US 12,277,397 B2
	Method of training model, method of determining word vector, device, medium, and product
Chao Ma, Beijing (CN); Jingshuai Zhang, Beijing (CN); Qifan Huang, Beijing (CN); Kaichun Yao, Beijing (CN); Peng Wang, Beijing (CN); and Hengshu Zhu, Beijing (CN)
Assigned to BEIJING BAIDU NETCOM SCIENCE TECHNOLOGY CO., LTD., Beijing (CN)
Filed by Beijing Baidu Netcom Science Technology Co., Ltd., Beijing (CN)
Filed on Dec. 29, 2021, as Appl. No. 17/564,369.
Claims priority of application No. 202110277972.5 (CN), filed on Mar. 15, 2021.
Prior Publication US 2022/0121826 A1, Apr. 21, 2022
Int. Cl.

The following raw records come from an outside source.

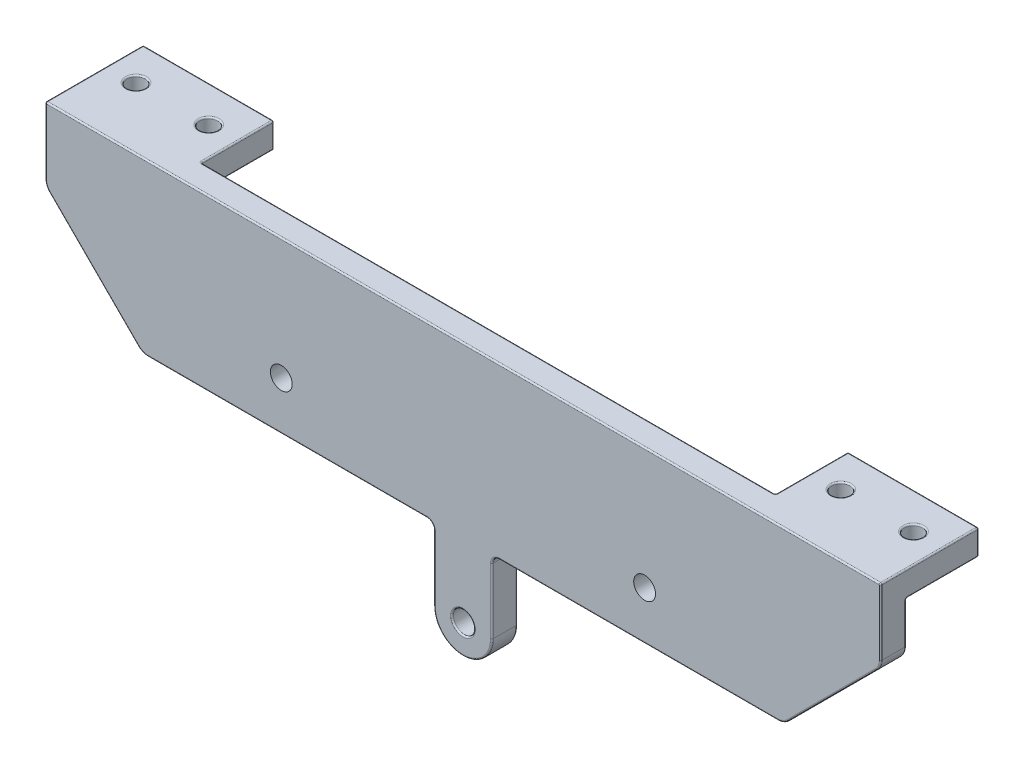
SolidWorks part; units mm, degrees
ref_plane "Front Plane" through (0, 0, 0) normal (0, 0, 1) x (1, 0, 0)
ref_plane "Top Plane" through (0, 0, 0) normal (0, 1, 0) x (1, 0, 0)
ref_plane "Right Plane" through (0, 0, 0) normal (1, 0, 0) x (0, 0, -1)
sketch "Sketch1" plane through (0, 0, 0) normal (0, 0, 1) x (1, 0, 0)
  line L0 (-300, 0) -> (300, 0) construction
  line L1 (-300, 0) -> (0, 300) construction
  line L2 (0, 300) -> (300, 0) construction
  line L3 (-150, 150) -> (0, 0) construction
  line L4 (0, 300) -> (0, 180) construction
  line L5 (-120, 180) -> (120, 180) construction
  circle A0 centre (-300, 0) radius 60
  circle A1 centre (0, 0) radius 60
  circle A2 centre (300, 0) radius 60
  point P3 (0, 0)
  dimension "D3" = 120
  dimension "D1" = 600
  dimension "D2" = 90
  dimension "D4" = 240
sketch "Sketch2" plane through (0, 0, 0) normal (0, 0, 1) x (1, 0, 0)
  line L0 (-169.5495, 130.4505) -> (-120, 180) construction
  line L1 (-300, 0) -> (0, 300) construction
  line L2 (-120, 180) -> (120, 180) construction
  line L3 (120, 180) -> (259.6949, 40.3051) construction
  line L4 (0, 300) -> (300, 0) construction
  line L5 (-148.3363, 109.2373) -> (-107.5736, 150)
  line L6 (-107.5736, 150) -> (107.5736, 150)
  line L7 (107.5736, 150) -> (238.4817, 19.0919)
  line L8 (-190.7627, 151.6637) -> (-132.4264, 210)
  line L9 (-132.4264, 210) -> (132.4264, 210)
  line L10 (132.4264, 210) -> (280.9081, 61.5183)
  line L11 (-190.7627, 151.6637) -> (-148.3363, 109.2373)
  line L12 (280.9081, 61.5183) -> (238.4817, 19.0919)
  line L13 (270.3015, 50.9117) -> (310.6066, 10.6066)
  line L14 (249.0883, 29.6985) -> (289.3934, -10.6066)
  line L15 (270.3015, 72.1249) -> (227.8751, 29.6985) construction
  line L16 (0, 300) -> (0, 180) construction
  line L17 (7.3072, 256.2398) -> (18, 210)
  line L18 (-7.3072, 256.2398) -> (-18, 210)
  circle A0 centre (300, 0) radius 10.5
  arc A1 (289.3934, -10.6066) -> (310.6066, 10.6066) centre (300, 0) ccw
  circle A2 centre (300, 0) radius 30 construction
  circle A3 centre (238.4817, 40.3051) radius 3
  circle A4 centre (259.6949, 61.5183) radius 3
  circle A5 centre (0, 180) radius 4.5
  circle A6 centre (0, 254.55) radius 4.5
  arc A7 (7.3072, 256.2398) -> (-7.3072, 256.2398) centre (0, 254.55) ccw
  circle A8 centre (-150, 150) radius 4.5
  dimension "D4" = 21
  dimension "D5" = 30
  dimension "D6" = 60
  dimension "6" = 6
  dimension "D12" = 9
  dimension "D13" = 44.55
  dimension "D14" = 15
  dimension "D17" = 9
  dimension "D1" = 30
  dimension "D3" = 82.5
  dimension "D7" = 57
  dimension "D8" = 15
  dimension "D10" = 15
  dimension "D11" = 15
  dimension "D15" = 18
  dimension "D16" = 18
  dimension "D2" = 30
sketch "Sketch3" plane through (0, 0, 0) normal (0, 0, 1) x (1, 0, 0)
  line L0 (-259.6949, 40.3051) -> (-150, 150) construction
  line L1 (-300, 0) -> (0, 300) construction
  line L2 (-150, 150) -> (-40.3051, 40.3051) construction
  line L3 (-150, 150) -> (0, 0) construction
  line L4 (-238.4817, 19.0919) -> (-150, 107.5736)
  line L5 (-150, 107.5736) -> (-61.5183, 19.0919)
  line L6 (-280.9081, 61.5183) -> (-150, 192.4264)
  line L7 (-150, 192.4264) -> (-19.0919, 61.5183)
  line L8 (-238.4817, 19.0919) -> (-280.9081, 61.5183)
  line L9 (-61.5183, 19.0919) -> (-19.0919, 61.5183)
  line L10 (-270.3015, 50.9117) -> (-310.6066, 10.6066)
  line L11 (-249.0883, 29.6985) -> (-289.3934, -10.6066)
  line L12 (10.6066, 10.6066) -> (-29.6985, 50.9117)
  line L13 (-10.6066, -10.6066) -> (-50.9117, 29.6985)
  line L14 (-227.8751, 29.6985) -> (-270.3015, 72.1249) construction
  line L15 (-29.6985, 72.1249) -> (-72.1249, 29.6985) construction
  circle A0 centre (-300, 0) radius 30 construction
  circle A1 centre (-300, 0) radius 10.5
  arc A2 (-310.6066, 10.6066) -> (-289.3934, -10.6066) centre (-300, 0) ccw
  circle A3 centre (0, 0) radius 30 construction
  arc A4 (-10.6066, -10.6066) -> (10.6066, 10.6066) centre (0, 0) ccw
  circle A5 centre (0, 0) radius 10.5
  circle A6 centre (-238.4817, 40.3051) radius 3
  circle A7 centre (-259.6949, 61.5183) radius 3
  circle A8 centre (-61.5183, 40.3051) radius 3
  circle A9 centre (-40.3051, 61.5183) radius 3
  circle A10 centre (-150, 150) radius 4.5 construction
  circle A11 centre (-150, 150) radius 4.5
  dimension "D1" = 60
  dimension "D2" = 21
  dimension "D3" = 30
  dimension "D4" = 30
  dimension "D9" = 6
  dimension "D13" = 6
  dimension "D14" = 15
  dimension "D6" = 57
  dimension "D7" = 57
  dimension "D8" = 15
  dimension "D10" = 15
  dimension "D11" = 15
  dimension "D12" = 15
  dimension "D15" = 15
  dimension "D5" = 30
sketch "Sketch4" plane through (0, 0, 0) normal (0, 0, 1) x (1, 0, 0)
  line L0 (-172.5, 280.0736) -> (172.5, 280.0736)
  line L1 (-172.5, 280.0736) -> (-172.5, 250.0736)
  line L2 (-172.5, 250.0736) -> (-132.4264, 210)
  line L3 (-132.4264, 210) -> (132.4264, 210)
  line L4 (132.4264, 210) -> (172.5, 250.0736)
  line L5 (172.5, 250.0736) -> (172.5, 280.0736)
  line L6 (12, 180) -> (12, 210)
  line L7 (-12, 180) -> (-12, 210)
  line L8 (-67.5, 254.5736) -> (67.5, 254.5736) construction
  line L9 (-67.5, 268.0736) -> (67.5, 268.0736)
  line L10 (-67.5, 241.0736) -> (67.5, 241.0736)
  line L12 (0, 300) -> (0, 180) construction
  circle A0 centre (0, 180) radius 4.5 construction
  circle A1 centre (0, 180) radius 4.5
  arc A2 (-12, 180) -> (12, 180) centre (0, 180) ccw
  circle A3 centre (0, 180) radius 12 construction
  arc A4 (-67.5, 268.0736) -> (-67.5, 241.0736) centre (-67.5, 254.5736) ccw
  arc A5 (67.5, 241.0736) -> (67.5, 268.0736) centre (67.5, 254.5736) ccw
  point P2 (0, 280.0736)
  point P21 (0, 254.5736)
  dimension "D1" = 345
  dimension "D2" = 30
  dimension "D3" = 135
  dimension "D5" = 135
  dimension "D6" = 27
  dimension "D7" = 12
  dimension "D4" = 7.5
sketch "Sketch5" plane through (0, 0, 0) normal (0, 0, 1) x (1, 0, 0)
  line L0 (12, 180) -> (12, 210) construction
  line L1 (-12, 180) -> (-12, 210) construction
  line L6 (172.5, 280.0736) -> (-172.5, 280.0736)
  line L7 (172.5, 250.0736) -> (172.5, 280.0736)
  line L8 (132.4264, 210) -> (172.5, 250.0736)
  line L9 (-132.4264, 210) -> (132.4264, 210)
  line L10 (-172.5, 250.0736) -> (-132.4264, 210)
  line L11 (-172.5, 280.0736) -> (-172.5, 250.0736)
  line L12 (172.5, 280.0736) -> (-172.5, 280.0736)
  line L13 (172.5, 250.0736) -> (172.5, 280.0736)
  line L14 (132.4264, 210) -> (172.5, 250.0736)
  line L15 (-132.4264, 210) -> (-12, 210)
  line L16 (-172.5, 250.0736) -> (-132.4264, 210)
  line L17 (-172.5, 280.0736) -> (-172.5, 250.0736)
  line L18 (12, 180) -> (12, 210)
  line L19 (-12, 180) -> (-12, 210)
  line L20 (12, 210) -> (132.4264, 210)
  arc A0 (-12, 180) -> (12, 180) centre (0, 180) ccw construction
  circle A1 centre (0, 180) radius 4.5
  circle A2 centre (0, 180) radius 4.5
  arc A3 (-12, 180) -> (12, 180) centre (0, 180) ccw
  dimension "D1" = 0
  dimension "D2" = 0
extrude "Boss-Extrude2" add sketch "Sketch5" along normal blind 10.5
sketch "Sketch8" plane through (0, 280.0736, 0) normal (0, 1, 0) x (1, 0, 0)
  line L0 (-172.5, 0) -> (-118.5, 0)
  line L1 (172.5, 0) -> (-172.5, 0) construction
  line L2 (-118.5, 0) -> (-118.5, 30)
  line L3 (-118.5, 30) -> (-172.5, 30)
  line L4 (-172.5, 30) -> (-172.5, 0)
  line L5 (-118.5, 15) -> (-172.5, 15) construction
  line L6 (-145.5, 30) -> (-145.5, 15) construction
  line L7 (0, 0) -> (0, 31.184) construction
  line L8 (145.5, 30) -> (145.5, 15) construction
  line L9 (118.5, 15) -> (172.5, 15) construction
  line L10 (172.5, 30) -> (172.5, 0)
  line L11 (118.5, 30) -> (172.5, 30)
  line L12 (118.5, 0) -> (118.5, 30)
  line L13 (172.5, 0) -> (118.5, 0)
  circle A0 centre (-130.5, 15) radius 3.75
  circle A1 centre (-160.5, 15) radius 3.75
  circle A2 centre (160.5, 15) radius 3.75
  circle A3 centre (130.5, 15) radius 3.75
  dimension "D3" = 30
  dimension "D4" = 7.5
  dimension "D1" = 54
  dimension "D2" = 30
extrude "Boss-Extrude3" add sketch "Sketch8" against normal blind 10.5
fillet "Fillet1" radius 6 4 edges at (172.5, 250.0736, 5.25) (132.4264, 210, 5.25) (-172.5, 250.0736, 5.25) (-132.4264, 210, 5.25)
fillet "Fillet3" radius 3 2 edges at (12, 210, 5.25) (-12, 210, 5.25)
fillet "Fillet5" radius 0.6 62 edges at (172.5, 274.8236, -30) (118.5, 274.8236, 0) (118.5, 274.8236, -30) (172.5, 269.5736, -15) (145.5, 269.5736, 0) (118.5, 269.5736, -15) (145.5, 269.5736, -30) (118.5, 280.0736, -15) (145.5, 280.0736, -30) (160.5, 269.5736, -18.75) (160.5, 280.0736, -18.75) (130.5, 269.5736, -18.75) (130.5, 280.0736, -18.75) (-160.5, 280.0736, -11.25) (-160.5, 269.5736, -11.25) (-130.5, 280.0736, -11.25) (-130.5, 269.5736, -11.25) (-118.5, 280.0736, -15) (-118.5, 269.5736, -15) (-145.5, 280.0736, -30) (-145.5, 269.5736, -30) (-172.5, 269.5736, -15) (-145.5, 269.5736, 0) (-118.5, 274.8236, 0) (-118.5, 274.8236, -30) (-172.5, 274.8236, -30) (4.5, 180, 0) (4.5, 180, 10.5) (-172.5, 261.0662, 0) (-152.4632, 230.0368, 0) (-72.4706, 210, 0) (-12, 193.5, 0) (0, 168, 0) (12, 193.5, 0) (72.4706, 210, 0) (152.4632, 230.0368, 0) (172.5, 261.0662, 0) (0, 280.0736, 0) (-172.5, 266.3162, 10.5) (-152.4632, 230.0368, 10.5) (-72.4706, 210, 10.5) (-12, 193.5, 10.5) (0, 168, 10.5) (12, 193.5, 10.5) (72.4706, 210, 10.5) (152.4632, 230.0368, 10.5) (172.5, 266.3162, 10.5) (0, 280.0736, 10.5) (-172.5, 280.0736, -9.75) (172.5, 280.0736, -9.75) (-132.2372, 210.4567, 0) (-172.0433, 250.2628, 0) (132.2372, 210.4567, 0) (172.0433, 250.2628, 0) (-132.2372, 210.4567, 10.5) (-172.0433, 250.2628, 10.5) (132.2372, 210.4567, 10.5) (172.0433, 250.2628, 10.5) (12.8787, 209.1213, 0) (12.8787, 209.1213, 10.5) (-12.8787, 209.1213, 0) (-12.8787, 209.1213, 10.5)
sketch "Sketch11" plane through (0, 0, 10.5) normal (0, 0, 1) x (1, 0, 0)
  line L0 (0, 180) -> (0, 280.0736) construction
  line L1 (-171.9, 280.0736) -> (171.9, 280.0736) construction
  circle A0 centre (75, 230) radius 4.5
  circle A1 centre (0, 180) radius 5.1 construction
  circle A2 centre (-75, 230) radius 4.5
  dimension "D1" = 9
  dimension "D2" = 75
  dimension "D3" = 50
extrude "Cut-Extrude3" cut sketch "Sketch11" against normal through all
scale "Scale1" scale about centroid uniform scaling yes scale factor 0.5

G06F 40/40 (2020.01); G06F 40/30 (2020.01); G06N 7/01 (2023.01)

CPC G06F 40/40 (2020.01) [G06F 40/30 (2020.01); G06N 7/01 (2023.01)]

16 Claims

1. A method of training a model, comprising:

acquiring a first word vector set corresponding to a first word set, wherein the first word set is acquired from a first corpus, and words in the first word set have a non-sequential relationship in linguistics;

for each word vector in the first word vector set,

inputting the word vector to a word embedding model to generate a reduced-dimensional word vector based on the word embedding model,

generating, for other word vector in the first word vector set, a first probability distribution in the first word vector set based on the reduced-dimensional word vector, wherein the other word vector is a word vector in the first word vector set except the word vector input to the word embedding model, and

adjusting a parameter of the word embedding model so as to minimize a difference between the first probability distribution generated using an adjusted word embedding model and a second probability distribution for the other word vector determined by a number of word vector in the first word vector set,

determining, for each word in the first word set, a contrast word set in a complete word set, wherein the first word set belongs to the complete word set, and the words in the first word set are not included in the contrast word set;

acquiring a contrast word vector set corresponding to the contrast word set;

generating, by using the word embedding model, a probability of each word vector in the contrast word set appearing in the first word vector set; and

adjusting the parameter so as to minimize the probability of each word vector in the contrast word set appearing in the first word vector set, which is generated using the adjusted word embedding model, wherein

the determining of the contrast word set includes:

determining a sampling probability according to an appearance number of the word appearing in the first corpus and an appearance number of each word in the complete word set appearing in the first corpus; and

sampling in words in the complete word set other than words in the first word set by using the sampling probability, so as to determine the contrast word set.